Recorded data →

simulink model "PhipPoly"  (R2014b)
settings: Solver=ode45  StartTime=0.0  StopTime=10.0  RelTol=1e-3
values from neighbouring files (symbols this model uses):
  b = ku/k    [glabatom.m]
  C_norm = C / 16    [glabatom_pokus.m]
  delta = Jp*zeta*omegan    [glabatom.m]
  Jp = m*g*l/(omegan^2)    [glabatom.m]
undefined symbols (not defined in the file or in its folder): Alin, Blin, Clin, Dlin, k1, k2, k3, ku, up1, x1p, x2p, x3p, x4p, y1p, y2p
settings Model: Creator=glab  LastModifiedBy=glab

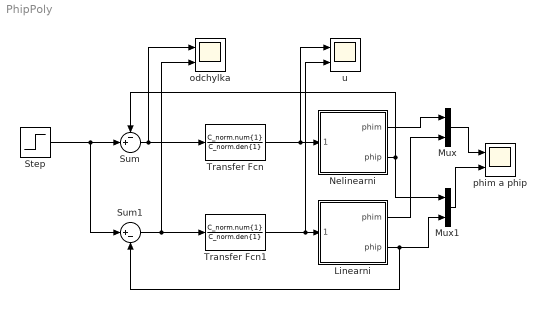
== system PhipPoly ==
  Linearni : Subsystem
  Mux : Mux  Inputs=2
  Mux1 : Mux  Inputs=2
  Nelinearni : Subsystem
  Step : Step  Time=0  After=-pi/2  SampleTime=0
  Sum : Sum  Inputs=-+|
  Sum1 : Sum  Inputs=|+-
  Transfer Fcn : TransferFcn  Numerator=C_norm.num{1}  Denominator=C_norm.den{1}
  Transfer Fcn1 : TransferFcn  Numerator=C_norm.num{1}  Denominator=C_norm.den{1}
  odchylka : Scope  NumInputPorts=2
      settings: ShowLegends=on  TimeRange=12.49629428456308  YMin=0.999999999999679~-1.570796326795069  YMax=0.9999999999998991~-1.570796326794724  SaveName=vystup2
  phim a phip : Scope  NumInputPorts=2
      settings: ShowLegends=on  TimeRange=12.49629428456308  YMin=0.999999999999679~-1.570796326795069  YMax=0.9999999999998991~-1.570796326794724  SaveName=vystup
  u : Scope  NumInputPorts=2
      settings: ShowLegends=on  TimeRange=12.49629428456308  YMin=0.999999999999679~-1.570796326795069  YMax=0.9999999999998991~-1.570796326794724  SaveName=vystup1
  wires:
  Mux1/1 -> phim a phip/2
  Linearni/2(phip) -> Mux1/2, Sum1/2
  Linearni/1(phim) -> Mux/2
  Nelinearni/2(phip) -> Mux1/1, Sum/1
  Step/1 -> Sum1/1, Sum/2
  Sum/1 -> Transfer Fcn/1, odchylka/1
  Sum1/1 -> Transfer Fcn1/1, odchylka/2
  Mux/1 -> phim a phip/1
  Nelinearni/1(phim) -> Mux/1
  Transfer Fcn/1 -> u/1, Nelinearni/1(u_norm)
  Transfer Fcn1/1 -> u/2, Linearni/1(u_norm)

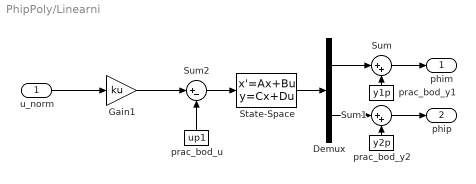
== system PhipPoly/Linearni ==
  u_norm : Inport
  Demux : Demux  Outputs=2
  Gain1 : Gain  Gain=ku
  State-Space : StateSpace  A=Alin  B=Blin  C=Clin  D=Dlin  X0=[0 pi/2 0 0]
  Sum : Sum  Inputs=|++
  Sum1 : Sum  Inputs=|++
  Sum2 : Sum  Inputs=|+-
  prac_bod_u : Constant  Value=up1
  prac_bod_y1 : Constant  Value=y1p
  prac_bod_y2 : Constant  Value=y2p
  phim : Outport
  phip : Outport  Port=2
  wires:
  State-Space/1 -> Demux/1
  Demux/1 -> Sum/1
  prac_bod_y1/1 -> Sum/2
  Sum/1 -> phim/1
  prac_bod_y2/1 -> Sum1/2
  Sum1/1 -> phip/1
  Demux/2 -> Sum1/1
  prac_bod_u/1 -> Sum2/2
  Sum2/1 -> State-Space/1
  u_norm/1 -> Gain1/1
  Gain1/1 -> Sum2/1

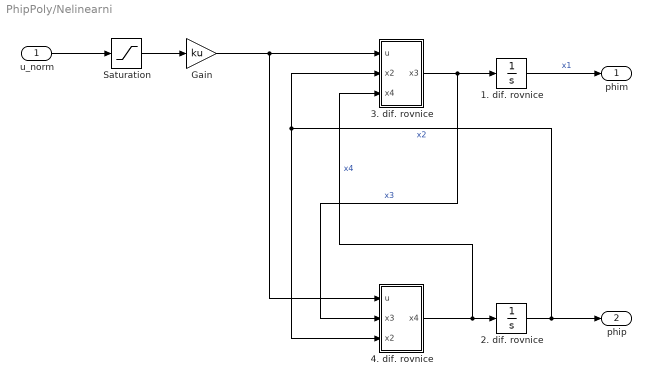
== system PhipPoly/Nelinearni ==
  u_norm : Inport
  1. dif. rovnice : Integrator  InitialCondition=x1p
  2. dif. rovnice : Integrator  InitialCondition=x2p
  3. dif. rovnice : Subsystem
  4. dif. rovnice : Subsystem
  Gain : Gain  Gain=ku
  Saturation : Saturate  UpperLimit=1  LowerLimit=-1
  phim : Outport
  phip : Outport  Port=2
  wires:
  1. dif. rovnice/1 -> phim/1  "x1"
  4. dif. rovnice/1(x4) -> 3. dif. rovnice/3(x4), 2. dif. rovnice/1  "x4"
  2. dif. rovnice/1 -> phip/1, 4. dif. rovnice/3(x2), 3. dif. rovnice/2(x2)  "x2"
  3. dif. rovnice/1(x3) -> 4. dif. rovnice/2("x3 "), 1. dif. rovnice/1  "x3"
  u_norm/1 -> Saturation/1
  Gain/1 -> 4. dif. rovnice/1(u), 3. dif. rovnice/1(u)
  Saturation/1 -> Gain/1

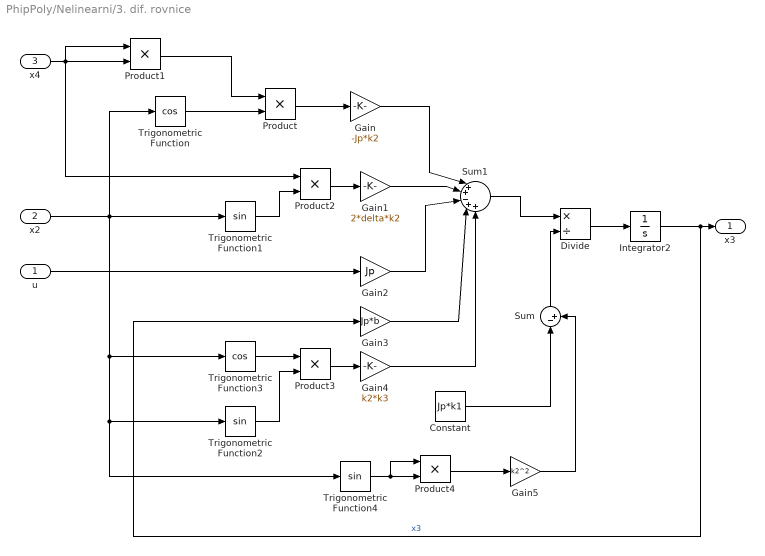
== system PhipPoly/Nelinearni/3. dif. rovnice ==
  u : Inport
  x2 : Inport  Port=2
  x4 : Inport  Port=3
  Constant : Constant  Value=Jp*k1
  Divide : Product  Inputs=*/
  Gain : Gain  Gain=-Jp*k2
  Gain1 : Gain  Gain=2*delta*k2
  Gain2 : Gain  Gain=Jp
  Gain3 : Gain  Gain=Jp*b
  Gain4 : Gain  Gain=k2*k3
  Gain5 : Gain  Gain=k2^2
  Integrator2 : Integrator  InitialCondition=x3p
  Product{,1..4} (5 alike) : Product
  Sum : Sum  Inputs=|-+
  Sum1 : Sum  Inputs=|++-++
  Trigonometric Function : Trigonometry  Operator=cos
  Trigonometric Function1 : Trigonometry
  Trigonometric Function2 : Trigonometry
  Trigonometric Function3 : Trigonometry  Operator=cos
  Trigonometric Function4 : Trigonometry
  x3 : Outport
  wires:
  Trigonometric Function3/1 -> Product3/1
  Divide/1 -> Integrator2/1
  x2/1 -> Trigonometric Function4/1, Trigonometric Function2/1, Trigonometric Function3/1, Trigonometric Function1/1, Trigonometric Function/1
  Product3/1 -> Gain4/1
  Trigonometric Function2/1 -> Product3/2
  Gain4/1 -> Sum1/5
  Gain/1 -> Sum1/1
  Product2/1 -> Gain1/1
  Trigonometric Function1/1 -> Product2/2
  u/1 -> Gain2/1
  Gain3/1 -> Sum1/4
  Gain1/1 -> Sum1/2
  Gain2/1 -> Sum1/3
  Sum1/1 -> Divide/1
  Product/1 -> Gain/1
  Sum/1 -> Divide/2
  x4/1 -> Product1/2, Product2/1, Product1/1
  Product1/1 -> Product/1
  Integrator2/1 -> Gain3/1, x3/1  "x3"
  Trigonometric Function/1 -> Product/2
  Gain5/1 -> Sum/2
  Constant/1 -> Sum/1
  Product4/1 -> Gain5/1
  Trigonometric Function4/1 -> Product4/1, Product4/2

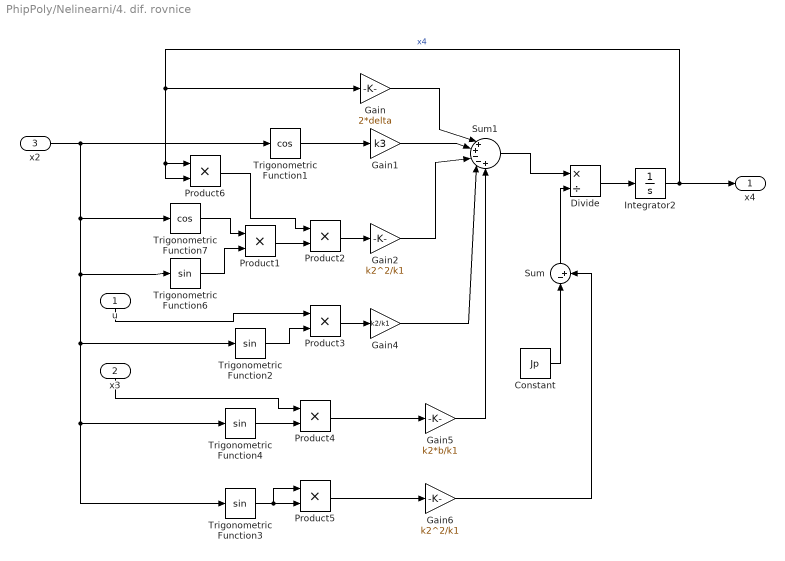
== system PhipPoly/Nelinearni/4. dif. rovnice ==
  u : Inport
  "x3 " : Inport  Port=2
  x2 : Inport  Port=3
  Constant : Constant  Value=Jp
  Divide : Product  Inputs=*/
  Gain : Gain  Gain=2*delta
  Gain1 : Gain  Gain=k3
  Gain2 : Gain  Gain=k2^2/k1
  Gain4 : Gain  Gain=k2/k1
  Gain5 : Gain  Gain=k2*b/k1
  Gain6 : Gain  Gain=k2^2/k1
  Integrator2 : Integrator  InitialCondition=x4p
  Product{1..6} (6 alike) : Product
  Sum : Sum  Inputs=|-+
  Sum1 : Sum  Inputs=|++--+
  Trigonometric Function1 : Trigonometry  Operator=cos
  Trigonometric Function{2..4,6} (4 alike) : Trigonometry
  Trigonometric Function7 : Trigonometry  Operator=cos
  x4 : Outport
  wires:
  Trigonometric Function3/1 -> Product5/1, Product5/2
  Product5/1 -> Gain6/1
  Divide/1 -> Integrator2/1
  Product3/1 -> Gain4/1
  Gain/1 -> Sum1/1
  Constant/1 -> Sum/1
  Gain6/1 -> Sum/2
  Integrator2/1 -> x4/1, Gain/1, Product6/1, Product6/2  "x4"
  Sum/1 -> Divide/2
  Product4/1 -> Gain5/1
  Sum1/1 -> Divide/1
  Gain2/1 -> Sum1/3
  Gain1/1 -> Sum1/2
  Trigonometric Function1/1 -> Gain1/1
  Trigonometric Function2/1 -> Product3/2
  Trigonometric Function6/1 -> Product1/2
  Trigonometric Function7/1 -> Product1/1
  Gain5/1 -> Sum1/5
  Trigonometric Function4/1 -> Product4/2
  Gain4/1 -> Sum1/4
  Product2/1 -> Gain2/1
  u/1 -> Product3/1
  x2/1 -> Trigonometric Function3/1, Trigonometric Function4/1, Trigonometric Function2/1, Trigonometric Function6/1, Trigonometric Function7/1, Trigonometric Function1/1
  "x3 "/1 -> Product4/1
  Product1/1 -> Product2/2
  Product6/1 -> Product2/1
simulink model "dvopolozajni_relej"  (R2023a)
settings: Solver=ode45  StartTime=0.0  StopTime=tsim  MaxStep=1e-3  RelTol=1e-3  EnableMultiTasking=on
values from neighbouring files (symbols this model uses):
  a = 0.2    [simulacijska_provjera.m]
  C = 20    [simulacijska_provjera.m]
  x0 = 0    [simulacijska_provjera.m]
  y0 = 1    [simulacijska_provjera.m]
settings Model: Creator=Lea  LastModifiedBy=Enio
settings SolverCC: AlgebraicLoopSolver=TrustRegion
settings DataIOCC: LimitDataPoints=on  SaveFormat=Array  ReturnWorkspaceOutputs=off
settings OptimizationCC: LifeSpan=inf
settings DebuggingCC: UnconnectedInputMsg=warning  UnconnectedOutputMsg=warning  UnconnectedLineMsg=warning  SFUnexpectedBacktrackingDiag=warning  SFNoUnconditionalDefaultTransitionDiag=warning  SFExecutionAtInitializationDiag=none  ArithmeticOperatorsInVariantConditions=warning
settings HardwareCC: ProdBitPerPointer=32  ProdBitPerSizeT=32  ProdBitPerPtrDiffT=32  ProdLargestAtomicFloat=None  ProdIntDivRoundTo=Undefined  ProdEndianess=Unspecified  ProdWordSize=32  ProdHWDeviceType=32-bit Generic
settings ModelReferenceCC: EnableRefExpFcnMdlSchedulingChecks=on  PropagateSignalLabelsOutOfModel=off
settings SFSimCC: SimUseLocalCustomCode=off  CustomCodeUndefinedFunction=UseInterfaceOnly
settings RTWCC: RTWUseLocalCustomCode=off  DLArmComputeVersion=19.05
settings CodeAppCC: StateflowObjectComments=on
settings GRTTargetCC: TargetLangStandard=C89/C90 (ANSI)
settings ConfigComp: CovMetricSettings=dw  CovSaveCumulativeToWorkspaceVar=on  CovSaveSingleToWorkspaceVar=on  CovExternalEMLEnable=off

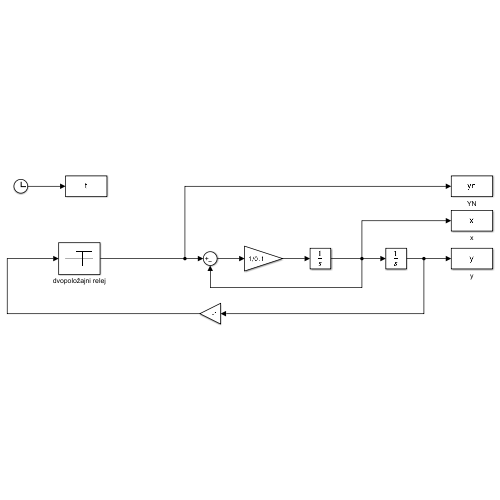
[thumbnail: Simulink's stored preview of the top-level diagram]
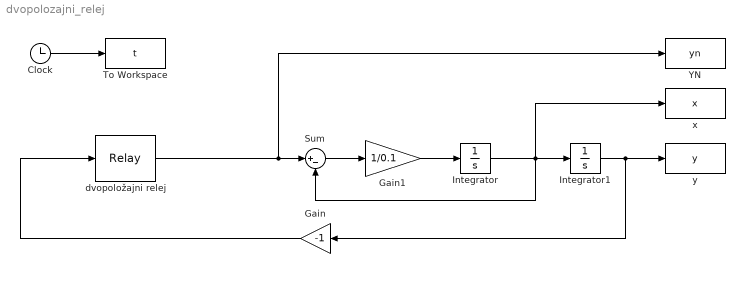
== system dvopolozajni_relej ==
  Clock : Clock
  Gain : Gain  Gain=-1
  Gain1 : Gain  Gain=1/0.1
  Integrator : Integrator  InitialCondition=x0
  Integrator1 : Integrator  InitialCondition=y0
  Sum : Sum  Inputs=|+-
  To Workspace : ToWorkspace  VariableName=t  SampleTime=-1
  YN : ToWorkspace  VariableName=yn  SampleTime=-1
  dvopoložajni relej : Relay  OnSwitchValue=a  OffSwitchValue=-a  OnOutputValue=C  OffOutputValue=-C
  x : ToWorkspace  VariableName=x  SampleTime=-1
  y : ToWorkspace  VariableName=y  SampleTime=-1
  wires:
  Gain1/1 -> Integrator/1
  Integrator/1 -> Integrator1/1, Sum/2, x/1
  Sum/1 -> Gain1/1
  Integrator1/1 -> Gain/1, y/1
  Clock/1 -> To Workspace/1
  Gain/1 -> dvopoložajni relej/1
  dvopoložajni relej/1 -> YN/1, Sum/1

PROBLEM REQUIREMENTS →
Looking at the entries above, can you reproduce exactly the lines from the one that holds "Gain6/1 -> Sum/2" through the one that holds "Trigonometric Function1/1 -> Gain1/1", and only those?

SOLUTION TO THE EXERCISE →
  Gain6/1 -> Sum/2
  Integrator2/1 -> x4/1, Gain/1, Product6/1, Product6/2  "x4"
  Sum/1 -> Divide/2
  Product4/1 -> Gain5/1
  Sum1/1 -> Divide/1
  Gain2/1 -> Sum1/3
  Gain1/1 -> Sum1/2
  Trigonometric Function1/1 -> Gain1/1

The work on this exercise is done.